Tissue and serum concentrations of cobalt are generally quite small, as the B12 is produced in the rumen by the microflora. Since cobalt concentrations may not truly reflect the B12 concentrations, the most appropriate analysis for cobalt deficiency is the direct quantification of serum or liver vitamin B12. But there are numerous forms of cobalamins that ruminants produce with differing bioactivity, making interpretation of analytical results difficult (Mills, 1987). Cobalamin is absorbed into circulation, and small amounts are stored in the liver. Of the tissues available, the liver cobalt concentration best reflects the animal’s overall status, but it may not be truly reflective of vitamin B12 content.
Copper deficiency is a commonly encountered nutritional problem in ruminants, but copper excess is also commonly encountered, especially in sheep. Clinical signs of deficiency can present as a large array of adverse effects (Graham, 1991; Puls, 1994). Reduced growth rates, decreased feed conversion, abomasal ulcers, lameness, poor immune function, sudden death, achromotrichia, and impaired reproductive function are commonly encountered with copper deficiency.
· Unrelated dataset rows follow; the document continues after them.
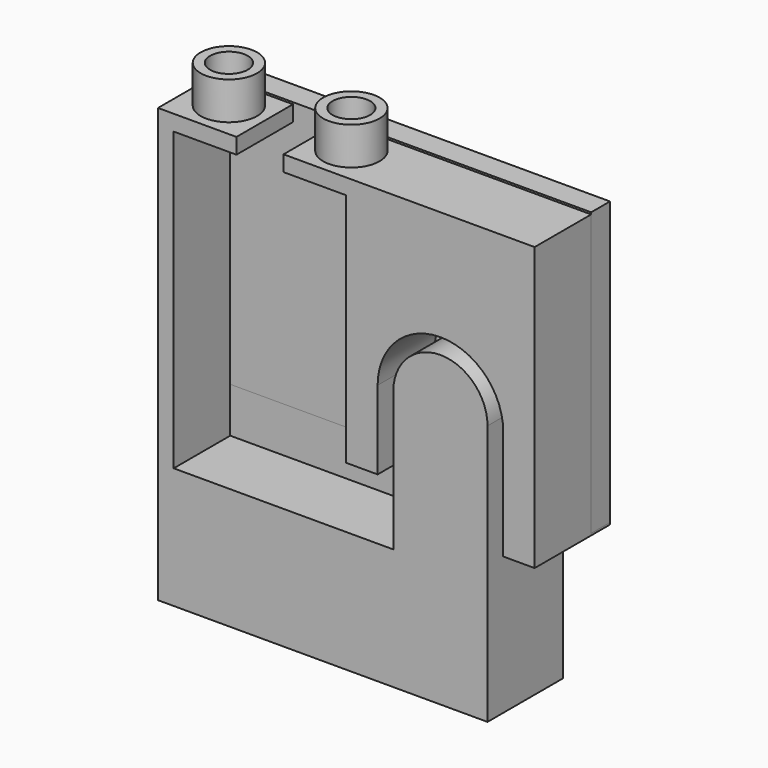
from build123d import *

# Parameters (mm, degrees)
F1_DEPTH  = 15.875
F0_W      = 2.6458333332
F0_H      = 42.3358732487
F2_W      = 63.5
F2_H      = 47.625
F2_R      = 3.175
F3_DEPTH  = 3.96875
F4_DEPTH  = 6.35
F5_R      = 4.7625
F5_R_2    = 3.175
F6_DEPTH  = 6.35
F7_R      = 3.175
F8_DEPTH  = 25.4
F9_W      = 55.5296598673
F9_H      = 15.875
F10_DEPTH = 25.4
F11_W     = 37.0088265341
F11_H     = 15.875
F12_DEPTH = 7.62
F13_W     = 37.0088265341
F13_H     = 3.96875
F14_DEPTH = 25.4


# Not quite as in the source:
# - a feature names something its author has since deleted; it is built from what else it names


with BuildPart() as f1:
    # F0 (on Front) → F1 (new body)
    with BuildSketch(Plane.XZ):
        with BuildLine():
            Line((0, 44.979166582), (-31.75, 44.979166582))
            Line((-31.75, 44.979166582), (-31.75, 42.3358732487))
            Line((-31.75, 42.3358732487), (-31.75, 2.6458333332))
            Line((-31.75, 2.6458333332), (-26.4583333333, 2.6458333332))
            Line((-26.4583333333, 2.6458333332), (-26.4583333333, 15.875))
            ThreePointArc((-26.4583333333, 15.875), (-15.875, 26.4583333333), (-5.2916666667, 15.875))
            Line((-5.2916666667, 15.875), (-5.2916666667, 0))
            Line((-5.2916666667, 0), (0, 0))
            Line((0, 0), (0, 44.979166582))
        make_face()
        Polygon((0, -2.6458333333), (0, 0), (-5.2916666667, 0), (-5.309548229, 0), (-5.309548229, -2.6458333333), align=None)
        Polygon((-31.75, 42.3358732487), (-31.75, 44.979166582), (-34.3958333316, 44.979166582), (-37.0416664956, 44.979166582), (-42.3110765377, 44.979166582), (-42.3110765377, 42.3358732487), (-37.0416664956, 42.3358732487), (-34.3958333316, 42.3358732487), align=None)
    extrude(amount=F1_DEPTH)


with BuildPart() as f1b:
    # F0 (on Front) → F1, piece 2 (new body)
    with BuildSketch(Plane.XZ):
        with BuildLine():
            Line((-23.8125, 0), (-7.9375, 0))
            Line((-7.9375, 0), (-7.9375, 15.875))
            ThreePointArc((-7.9375, 15.875), (-15.875, 23.8125), (-23.8125, 15.875))
            Line((-23.8125, 15.875), (-23.8125, 0))
        make_face()
        Polygon((-26.4583333333, 0), (-31.75, 0), (-60.8213265341, 0), (-63.4671598673, 0), (-63.4671598673, -2.6458333333), (-7.9375, -2.6458333333), (-7.9375, 0), (-23.8125, 0), align=None)
        with Locations((-62.1442432007, 21.1679366243)):
            Rectangle(F0_W, F0_H)
        Polygon((-50.2485765377, 42.3358732487), (-50.2485765377, 44.979166582), (-55.5296598693, 44.979166582), (-58.175493201, 44.979166582), (-63.4671598673, 44.979166582), (-63.4671598673, 42.3358732487), (-60.8213265341, 42.3358732487), (-58.175493201, 42.3358732487), (-55.5296598693, 42.3358732487), align=None)
    extrude(amount=F1_DEPTH)


with BuildPart() as f3:
    # F2 (on Front) → F3 (new body)
    with BuildSketch(Plane.XZ):
        with Locations((-31.75, 21.4839725468)):
            Rectangle(F2_W, F2_H)
        with Locations((-53.975, 7.1964725468)):
            Circle(F2_R, mode=Mode.SUBTRACT)
        with Locations((-9.525, 7.1964725468)):
            Circle(F2_R, mode=Mode.SUBTRACT)
        with Locations((-52.284011212, 35.7714725468)):
            Circle(F2_R, mode=Mode.SUBTRACT)
        with Locations((-9.525, 35.7714725468)):
            Circle(F2_R, mode=Mode.SUBTRACT)
        with Locations((-52.284011212, 35.7714725468)):
            Circle(F2_R)
        with Locations((-53.975, 7.1964725468)):
            Circle(F2_R)
        with Locations((-9.525, 7.1964725468)):
            Circle(F2_R)
        with Locations((-9.525, 35.7714725468)):
            Circle(F2_R)
    extrude(amount=F3_DEPTH)


with BuildPart() as f4:
    # F2 (on Front) → F4 (new body)
    with BuildSketch(Plane.XZ):
        with Locations((-9.525, 35.7714725468)):
            Circle(F2_R)
    extrude(amount=-F4_DEPTH)


with BuildPart() as f4b:
    # F2 (on Front) → F4, piece 2 (new body)
    with BuildSketch(Plane.XZ):
        with Locations((-52.284011212, 35.7714725468)):
            Circle(F2_R)
    extrude(amount=-F4_DEPTH)


with BuildPart() as f4c:
    # F2 (on Front) → F4, piece 3 (new body)
    with BuildSketch(Plane.XZ):
        with Locations((-9.525, 7.1964725468)):
            Circle(F2_R)
    extrude(amount=-F4_DEPTH)


with BuildPart() as f4d:
    # F2 (on Front) → F4, piece 4 (new body)
    with BuildSketch(Plane.XZ):
        with Locations((-53.975, 7.1964725468)):
            Circle(F2_R)
    extrude(amount=-F4_DEPTH)


with BuildPart() as f6:
    # F5 (on face) → F6 (new body)
    with BuildSketch(Plane.XY.offset(44.979166582)):
        with Locations((-56.5985765377, -9.525)):
            Circle(F5_R)
        with Locations((-56.5985765377, -9.525)):
            Circle(F5_R_2, mode=Mode.SUBTRACT)
    extrude(amount=F6_DEPTH)


with BuildPart() as f6b:
    # F5 (on face) → F6, piece 2 (new body)
    with BuildSketch(Plane.XY.offset(44.979166582)):
        with Locations((-35.9610765377, -9.525)):
            Circle(F5_R)
        with Locations((-35.9610765377, -9.525)):
            Circle(F5_R_2, mode=Mode.SUBTRACT)
    extrude(amount=F6_DEPTH)


with BuildPart() as f8_tool:
    # F7 (on face) → F8 (new body)
    with BuildSketch(Plane.XY.offset(44.979166582)):
        with Locations((-35.9610765377, -9.525)):
            Circle(F7_R)
        with Locations((-56.5985765377, -9.525)):
            Circle(F7_R)
    extrude(amount=-F8_DEPTH)


with BuildPart() as f1_1:
    add(f1.part)

    # F8: cut by f8_tool
    add(f8_tool.part, mode=Mode.SUBTRACT)


with BuildPart() as f1b_1:
    add(f1b.part)

    # F8: cut by f8_tool
    add(f8_tool.part, mode=Mode.SUBTRACT)

    # F9 (on face) → F10 (join)
    with BuildSketch(Plane(origin=(0, 0, -2.6458333333), x_dir=(1, 0, 0), z_dir=(0, 0, -1))):
        with Locations((-35.7023299336, 7.9375)):
            Rectangle(F9_W, F9_H)
    extrude(amount=F10_DEPTH)


with BuildPart() as f12_tool:
    # F11 (on face) → F12 (new body)
    with BuildSketch(Plane.XY):
        with Locations((-42.3169132671, -7.9375)):
            Rectangle(F11_W, F11_H)
    extrude(amount=-F12_DEPTH)


with BuildPart() as f1b_2:
    add(f1b_1.part)

    # F12: cut by f12_tool
    add(f12_tool.part, mode=Mode.SUBTRACT)


with BuildPart() as f3_1:
    add(f3.part)

    # F12: cut by f12_tool
    add(f12_tool.part, mode=Mode.SUBTRACT)


with BuildPart() as f14:
    # F13 (on face) → F14 (new body)
    with BuildSketch(Plane(origin=(0, 0, 0), x_dir=(1, 0, 0), z_dir=(0, 0, -1))):
        with Locations((-42.3169132671, 1.984375)):
            Rectangle(F13_W, F13_H)
    extrude(amount=F14_DEPTH)


solid = Compound([f4.part, f4b.part, f4c.part, f4d.part, f6.part, f6b.part, f1_1.part, f1b_2.part, f3_1.part, f14.part])

The best method for diagnosing copper status is via analysis of liver tissue, although much testing is performed on serum. Deficiency within a herd will result in some animals that have low serum copper concentrations, but serum concentration does not fall until liver copper is significantly depleted. In herds that have tested liver and found a high incidence of deficiency, it is not uncommon for a high percentage of the animals to have “normal” serum concentrations. At the Utah Veterinary Diagnostic Laboratory, it is commonly recommended that 10% of a herd or a minimum of 10 to 15 animals be tested in order to have a higher probability of diagnosing a copper deficiency via serum quantification. Even with herd deficiency, low serum copper concentrations may only be seen in 20% or more of the individuals. Herds that may be classified as marginally deficient based on liver testing may have predominantly “normal” serum copper concentrations. Thus, serum copper analysis should be viewed as a screening method only. Another factor that can influence diagnosis of copper deficiency in serum is the presence of high serum molybdenum. As the copper-sulfur¬molybdenum complex that forms is not physiologically available for tissue use, “normal” serum copper content in the presence of high serum molybdenum should always be considered suspect. In addition, the form of selenium supplementation can alter the normal range for interpretation of serum copper status, with selenite supplemented cows having a lowered normal range for serum copper.
Copper deficiency can be diagnosed via analysis of copper-containing enzymes. The two most common enzymes that are utilized are ceruloplasmin and superoxide dismutase (Suttle, 1986; Mills, 1987). Low concentrations of these enzymes in serum and whole blood, respectively, are diagnostic for copper deficiency. But ceruloplasmin concentrations can increase with inflammatory disease states. Higher costs for analysis of these enzymes than that of liver copper analysis often limit their utilization.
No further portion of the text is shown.